Esta semana, as minhas amigas Margarida Bentes Penedo e Teresa Nogueira Pinto apresentaram-me, através do YouTube, a Magatte Wade. Wade, que nasceu no Senegal e vive no Texas, é uma empresária e – não quero ofender – uma activista pelo progresso do seu continente natal, o progresso autêntico e não o “progresso” das ladainhas. Em numerosas intervenções, a senhora explica o que devia ser óbvio, e não escondido e calado: os milhões de desgraçados que deixam África rumo à Europa e aos Estados Unidos são expelidos pela pobreza; a pobreza é da responsabilidade dos africanos que tutelam os respectivos regimes e não de uma conveniente “herança colonial” com costas largas; os regimes em questão são oligarquias, naturalmente corruptas e de matriz socialista; o socialismo nunca falha no que toca a espalhar penúria; a solução para África não passa pela “ajuda”, a caridade que sob o véu “humanitário” perpetua a dependência e afinal a desgraça daquela gente; África, salvo meia-dúzia de excepções embrionárias, carece de liberdade económica. Vai-se a ver e o “capitalismo selvagem” é uma invenção dos seus inimigos, para disfarçar a real selvajaria das alternativas. Para Wade, o socialismo é um “veneno” (sic) que oprime e mata os seus vassalos: o socialismo, continua ela, é o pior dos colonialismos.
Não custa extrapolar os recados de Magatte Wade ao resto do mundo nada livre, na Ásia e na América Latina, cujos habitantes escapam sem excepção a sistemas dedicados a venerar o Estado e a suprimir o indivíduo. Acredite-se ou não, são raras as lanchas e os iates de luxo que partem de Miami para aceder à doçura nacionalizada de Havana. E, embora possa estar enganado, não conheço êxodos massivos de suíços ou singapurenses a caminho da generosa redistribuição da indigência na Argélia ou no Paquistão.
Por regra, ainda que absurda para alguns, os seres humanos preferem a abundância, ou pelo menos a possibilidade de adquirir uma parcelazinha da abundância, à fome – e deslocam-se, às vezes milhares e milhares de quilómetros, em conformidade, em busca de lugares onde o mercado aberto, o direito à propriedade, a iniciativa privada e demais chavões execrados pela academia e por comentadores de “telejornal” permitem essa coisa mesquinha: a esperança numa vida melhor. A mera existência de migrações é a enésima prova de que o socialismo não funciona.

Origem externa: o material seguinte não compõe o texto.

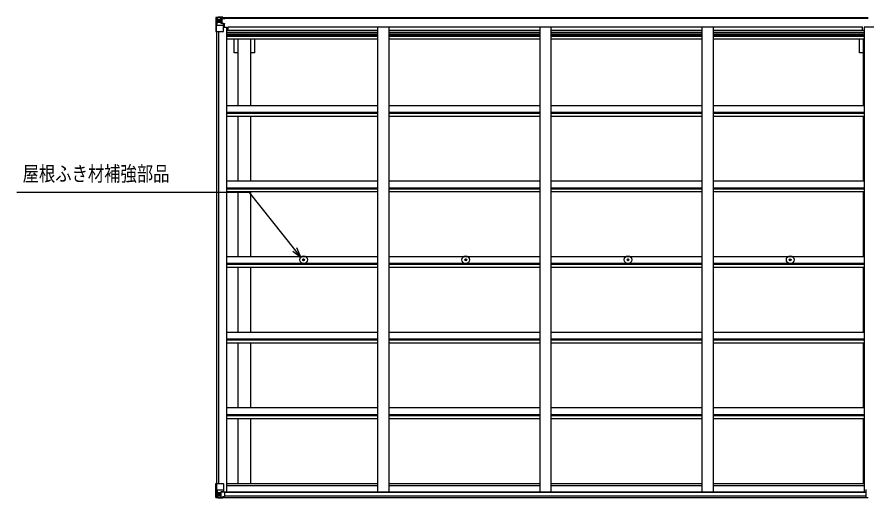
# Model space of a CAD drawing. Units: millimetres, scale not verified. Extents: x -10512 to 10512, y -7425 to 7425.
# Drawn here: x -4954 to -1206, y 472 to 2595 of the extents above; entities that cross this region are included whole.
import ezdxf
from ezdxf.enums import TextEntityAlignment as Align

# ---------------------------------------------------------------- set-up
doc = ezdxf.new("R2010")
doc.units = ezdxf.units.MM
doc.header["$LTSCALE"] = 30
for name, color, linetype in [('0-4_YKK_13', 4, 'Continuous'), ('0-5_YKK_A1', 4, 'Continuous'), ('0-6_YKK_D', 6, 'Continuous')]:
    doc.layers.add(name, color=color, linetype=linetype)
doc.styles.add('ＭＳ ゴシック', font='')
doc.styles.get('ＭＳ ゴシック').set_extended_font_data('MS Gothic')

msp = doc.modelspace()

# ---------------------------------------------------------------- linework, layer by layer
at = {"layer": '0-4_YKK_13'}
for p, q in [((-4075.85, 2592.48), (-4075.85, 2592.44)), ((-4074.91, 2593.48), (-4074.91, 2593.48)), ((-4074.91, 2593.44), (-4074.91, 2593.48)), ((-4065.94, 2593.87), (-4073.86, 2593.39)), ((-4073, 2592.42), (-4073.01, 2592.36)), ((-4073.01, 2531.77), (-4073.01, 2592.36)), ((-4069.04, 2588.98), (-4071.77, 2592.65)), ((-4053.85, 2594.66), (-4065.85, 2593.87)), ((-4047.35, 2595.17), (-4053.85, 2594.77)), ((-4053.85, 2568.67), (-4053.85, 2594.77)), ((-4053.85, 2593.89), (-4047.35, 2594.28)), ((-4052.35, 2589.06), (-4053.85, 2589.06)), ((-4047.35, 2593.36), (-4052.35, 2593.27)), ((-4051.85, 2588.7), (-4052.35, 2588.7)), ((-4052.24, 2587.4), (-4048.35, 2587.4)), ((-4051.85, 2589.73), (-4051.85, 2587.78)), ((-4043.85, 2589.73), (-4051.85, 2589.73)), ((-4043.85, 2589.7), (-4051.85, 2589.7)), ((-4041.85, 2587.86), (-4051.85, 2587.78)), ((-4051.85, 2587.61), (-4051.85, 2587.78)), ((-4051.85, 2587.78), (-4051.85, 2587.78)), ((-4048.35, 2567.67), (-4048.35, 2587.64)), ((-4047.35, 2594.28), (-4047.35, 2595.17)), ((-4047.35, 2593.77), (-4047.35, 2594.28)), ((-4047.35, 2593.77), (-4047.35, 2593.36)), ((-4047.35, 2593.36), (-4047.35, 2592.54)), ((-4042.35, 2592.97), (-4042.35, 2592.54)), ((-4042.05, 2592.97), (-4042.35, 2592.97)), ((-4042.05, 2592.97), (-4040.36, 2592.54)), ((-4041.85, 2589.47), (-4036.85, 2589.47)), ((-4041.85, 2587.86), (-4041.85, 2589.47)), ((-4036.85, 2590.4), (-4036.85, 2589.47)), ((-4036.85, 2589.47), (-4035.85, 2589.47)), ((-4035.85, 2589.47), (-4035.85, 2590.4)), ((-4035.85, 2589.47), (-4035.85, 2587.9)), ((-4035.85, 2587.79), (-4035.85, 2587.9)), ((-4072.46, 2558.65), (-4068.32, 2570.74)), ((-4072.46, 2558.65), (-4065.85, 2558.44)), ((-4068.18, 2585.47), (-4065.85, 2585.53)), ((-4068.18, 2572), (-4068.18, 2585.47)), ((-4065.85, 2571.97), (-4068.18, 2572)), ((-4065.85, 2585.53), (-4053.85, 2585.53)), ((-4065.85, 2571.97), (-4053.85, 2571.97)), ((-4065.85, 2571.97), (-4065.85, 2571.97)), ((-4065.85, 2558.44), (-4041.85, 2558.44)), ((-4060.37, 2578.33), (-4060.37, 2577.37)), ((-4054.85, 2585.53), (-4053.85, 2585.53)), ((-4052.35, 2585.53), (-4053.85, 2585.53)), ((-4052.35, 2571.97), (-4053.85, 2571.97)), ((-4053.02, 2568.42), (-4042.68, 2566.76)), ((-4053.02, 2567.78), (-4053.02, 2568.42)), ((-4042.68, 2566.13), (-4053.02, 2567.78)), ((-4048.35, 2583.77), (-4052.35, 2583.77)), ((-4048.35, 2575.57), (-4052.35, 2575.57)), ((-4042.68, 2566.76), (-4042.68, 2566.13)), ((-4042.4, 2566.68), (-4038.35, 2566.65)), ((-4041.85, 2532.77), (-4041.85, 2565.87)), ((-4037.35, 2554.77), (-4041.85, 2554.77)), ((-4037.35, 2566.64), (-4038.35, 2566.65)), ((-4038.35, 2564.92), (-4037.35, 2564.92)), ((-4037.35, 2550.42), (-4037.35, 2566.64)), ((-4073.01, 2531.77), (-4042.85, 2531.77)), ((-3691.27, 1524.11), (-3690.16, 1524.13)), ((-3691.27, 1523.11), (-3690.16, 1523.09)), ((-3690.16, 1524.13), (-3689.65, 1524.23)), ((-3690.16, 1523.09), (-3689.65, 1522.99)), ((-3689.55, 1524.75), (-3689.65, 1524.23)), ((-3689.55, 1522.48), (-3689.65, 1522.99)), ((-3689.53, 1525.86), (-3689.55, 1524.75)), ((-3689.53, 1521.37), (-3689.55, 1522.48)), ((-3688.53, 1525.86), (-3688.51, 1524.75)), ((-3688.53, 1521.37), (-3688.51, 1522.48)), ((-3688.51, 1524.75), (-3688.41, 1524.23)), ((-3688.51, 1522.48), (-3688.41, 1522.99)), ((-3687.89, 1524.13), (-3688.41, 1524.23)), ((-3687.89, 1523.09), (-3688.41, 1522.99)), ((-3686.78, 1524.11), (-3687.89, 1524.13)), ((-3686.78, 1523.11), (-3687.89, 1523.09)), ((-2975.27, 1524.11), (-2974.16, 1524.13)), ((-2975.27, 1523.11), (-2974.16, 1523.09)), ((-2974.16, 1524.13), (-2973.65, 1524.23)), ((-2974.16, 1523.09), (-2973.65, 1522.99)), ((-2973.55, 1524.75), (-2973.65, 1524.23)), ((-2973.55, 1522.48), (-2973.65, 1522.99)), ((-2973.53, 1525.86), (-2973.55, 1524.75)), ((-2973.53, 1521.37), (-2973.55, 1522.48)), ((-2972.53, 1525.86), (-2972.51, 1524.75)), ((-2972.53, 1521.37), (-2972.51, 1522.48)), ((-2972.51, 1524.75), (-2972.41, 1524.23)), ((-2972.51, 1522.48), (-2972.41, 1522.99)), ((-2971.89, 1524.13), (-2972.41, 1524.23)), ((-2971.89, 1523.09), (-2972.41, 1522.99)), ((-2970.78, 1524.11), (-2971.89, 1524.13)), ((-2970.78, 1523.11), (-2971.89, 1523.09)), ((-2259.27, 1524.11), (-2258.16, 1524.13)), ((-2259.27, 1523.11), (-2258.16, 1523.09)), ((-2258.16, 1524.13), (-2257.65, 1524.23)), ((-2258.16, 1523.09), (-2257.65, 1522.99)), ((-2257.55, 1524.75), (-2257.65, 1524.23)), ((-2257.55, 1522.48), (-2257.65, 1522.99)), ((-2257.53, 1525.86), (-2257.55, 1524.75)), ((-2257.53, 1521.37), (-2257.55, 1522.48)), ((-2256.53, 1525.86), (-2256.51, 1524.75)), ((-2256.53, 1521.37), (-2256.51, 1522.48)), ((-2256.51, 1524.75), (-2256.41, 1524.23)), ((-2256.51, 1522.48), (-2256.41, 1522.99)), ((-2255.89, 1524.13), (-2256.41, 1524.23)), ((-2255.89, 1523.09), (-2256.41, 1522.99)), ((-2254.78, 1524.11), (-2255.89, 1524.13)), ((-2254.78, 1523.11), (-2255.89, 1523.09)), ((-1543.27, 1524.11), (-1542.16, 1524.13)), ((-1543.27, 1523.11), (-1542.16, 1523.09)), ((-1542.16, 1524.13), (-1541.65, 1524.23)), ((-1542.16, 1523.09), (-1541.65, 1522.99)), ((-1541.55, 1524.75), (-1541.65, 1524.23)), ((-1541.55, 1522.48), (-1541.65, 1522.99)), ((-1541.53, 1525.86), (-1541.55, 1524.75)), ((-1541.53, 1521.37), (-1541.55, 1522.48)), ((-1540.53, 1525.86), (-1540.51, 1524.75)), ((-1540.53, 1521.37), (-1540.51, 1522.48)), ((-1540.51, 1524.75), (-1540.41, 1524.23)), ((-1540.51, 1522.48), (-1540.41, 1522.99)), ((-1539.89, 1524.13), (-1540.41, 1524.23)), ((-1539.89, 1523.09), (-1540.41, 1522.99)), ((-1538.78, 1524.11), (-1539.89, 1524.13)), ((-1538.78, 1523.11), (-1539.89, 1523.09)), ((-4075.85, 535.79), (-4042.85, 535.79)), ((-4075.85, 475.08), (-4075.85, 535.79)), ((-4073.01, 535.79), (-4073.01, 475.21)), ((-4041.85, 534.79), (-4041.85, 501.7)), ((-4072.46, 508.91), (-4065.85, 509.13)), ((-4072.46, 508.91), (-4068.32, 496.83)), ((-4065.85, 495.6), (-4068.18, 495.56)), ((-4068.18, 495.56), (-4068.18, 482.09)), ((-4065.85, 509.13), (-4041.85, 509.13)), ((-4065.85, 495.6), (-4065.85, 495.59)), ((-4053.85, 495.59), (-4065.85, 495.59)), ((-4061.33, 489.23), (-4061.33, 490.19)), ((-4053.85, 499.58), (-4047.35, 499.58)), ((-4053.85, 499.58), (-4053.85, 472.79)), ((-4042.68, 501.44), (-4053.02, 499.78)), ((-4053.02, 499.78), (-4053.02, 499.58)), ((-4050.33, 499.58), (-4042.68, 500.8)), ((-4047.35, 499.58), (-4038.35, 499.55)), ((-4042.68, 500.8), (-4042.68, 501.44)), ((-4037.35, 498.64), (-4037.35, 478.48)), ((-1206.35, 477.87), (-1206.35, 510.19)), ((-4074.91, 474.13), (-4074.91, 474.08)), ((-4065.94, 473.7), (-4073.86, 474.17)), ((-4073, 475.14), (-4073.01, 475.21)), ((-4069.04, 478.58), (-4071.77, 474.92)), ((-4068.18, 482.09), (-4065.85, 482.03)), ((-4065.85, 482.04), (-4053.85, 482.04)), ((-4053.85, 472.91), (-4065.85, 473.69)), ((-4047.35, 472.4), (-4047.35, 478.34)), ((-4038.35, 477.77), (-4047.35, 477.71)), ((-1206.35, 477.87), (-1206.35, 477.83))]:
    msp.add_line(p, q, dxfattribs=at)
for points in [[(-4075.85, 2592.44), (-4075.85, 2531.77), (-4073.01, 2531.77)], [(-4074.91, 2593.48), (-4065.85, 2594.04), (-4053.85, 2594.77)], [(-4047.35, 2593.77), (-4052.35, 2593.77), (-4052.35, 2568.31)], [(-4051.85, 2588.7), (-4043.85, 2588.7), (-4043.85, 2590.4)], [(-4036.85, 2587.74), (-4051.85, 2587.61), (-4051.85, 2587.61)], [(-4041.85, 2587.86), (-4041.85, 2587.85), (-4035.85, 2587.9)], [(-4062.29, 2579.29), (-4063.25, 2579.29), (-4063.25, 2580.25), (-4062.29, 2580.25)], [(-4061.33, 2581.21), (-4061.33, 2582.17), (-4060.37, 2582.17), (-4060.37, 2581.21)], [(-4060.37, 2577.37), (-4061.33, 2577.37), (-4061.33, 2578.33)], [(-4059.41, 2580.25), (-4058.45, 2580.25), (-4058.45, 2579.29), (-4059.41, 2579.29)], [(-4038.35, 2566.65), (-4038.35, 2564.92), (-4041.85, 2564.9)], [(-4062.29, 487.31), (-4063.25, 487.31), (-4063.25, 488.27), (-4062.29, 488.27)], [(-4061.33, 490.19), (-4060.37, 490.19), (-4060.37, 489.23)], [(-4059.41, 488.27), (-4058.45, 488.27), (-4058.45, 487.31), (-4059.41, 487.31)], [(-4074.91, 474.08), (-4065.85, 473.53), (-4047.35, 472.4)], [(-4060.37, 486.35), (-4060.37, 485.39), (-4061.33, 485.39), (-4061.33, 486.35)], [(-4037.35, 478.48), (-4037.36, 478.38), (-4047.35, 478.34)]]:
    msp.add_lwpolyline(points, dxfattribs=at)
for centre, radius in [((-4060.85, 2579.77), 5.3), ((-3689.03, 1523.61), 17), ((-2973.03, 1523.61), 17), ((-2257.03, 1523.61), 17), ((-1541.03, 1523.61), 17), ((-3689.03, 1523.61), 4), ((-2973.03, 1523.61), 4), ((-2257.03, 1523.61), 4), ((-1541.03, 1523.61), 4), ((-4060.85, 487.79), 5.3)]:
    msp.add_circle(centre, radius, dxfattribs=at)
for centre, radius, start, end in [((-4074.85, 2592.48), 0.999, 93.4424, 179.95083), ((-4074.85, 2592.48), 1, 93.50017, 180.00079), ((-4074.85, 2592.44), 0.999, 93.4424, 179.95083), ((-4073.7, 2606.09), 12.7, 269.24466, 275.10311), ((-4071.72, 2592.48), 1.28, 131.17831, 182.45895), ((-4051.85, 2590.23), 0.5, 179.99802, 269.99691), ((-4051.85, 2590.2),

Infelizmente, certas cabeças também não regulam bem. Ao permitir, e até incentivar, a entrada de incontáveis imigrantes, os “líderes” (?) dos países ocidentais estão a abalar as fundações do modelo que, com variações geográficas, nos permitiu décadas de relativa prosperidade e conforto. Apesar de aconchegar corações e expiar remorsos coloniais, engordar em 10% ou 15% a percentagem das populações autóctones com refugiados de marxismos exóticos e sortidos não pode correr bem. Fazê-lo em períodos breves e concentrados é a receita para um desastre em câmara não demasiado lenta, um desastre previsível e, talvez, sem remédio. Além das evidentes consequências sociais e “culturais”, da exploração à insegurança, há o pormenor da incapacidade, pública e privada, de responder à procura na saúde, na educação, na habitação, no trabalho, no que calha.
Solução? Assim pronta e eficaz, não imagino nenhuma. O que imagino, e que aliás já está em curso, é a tentação de reforçar a intervenção dos Estados em proporção directa ao crescimento da pressão demográfica. O que imagino é o reforço exponencial da retórica (e da prática) assistencialista, um assistencialismo necessariamente diluído nas vantagens e concentrado na minoria de contribuintes. O que imagino é a ruptura dos precários laços que uniam as sociedades e o advento de poderes “altruístas”, prontos a velar por nós e a reinar com redobrada facilidade sobre fragmentos submissos e depauperados. O que imagino é o socialismo, e julgo que os “líderes” (?) dos países ocidentais imaginam o mesmo. A diferença é que uns tantos desejam-no.
A ironia é capaz de ser isto: ou ganhamos juízo ou não tardará o tempo em que, a pretexto dos imigrantes que emigram do “colectivismo”, seremos nós a correr dele. Consta que o Ruanda se tornou capitalista e, surpresa das surpresas, anda a enriquecer com rapidez. Vou apreçar casas por lá.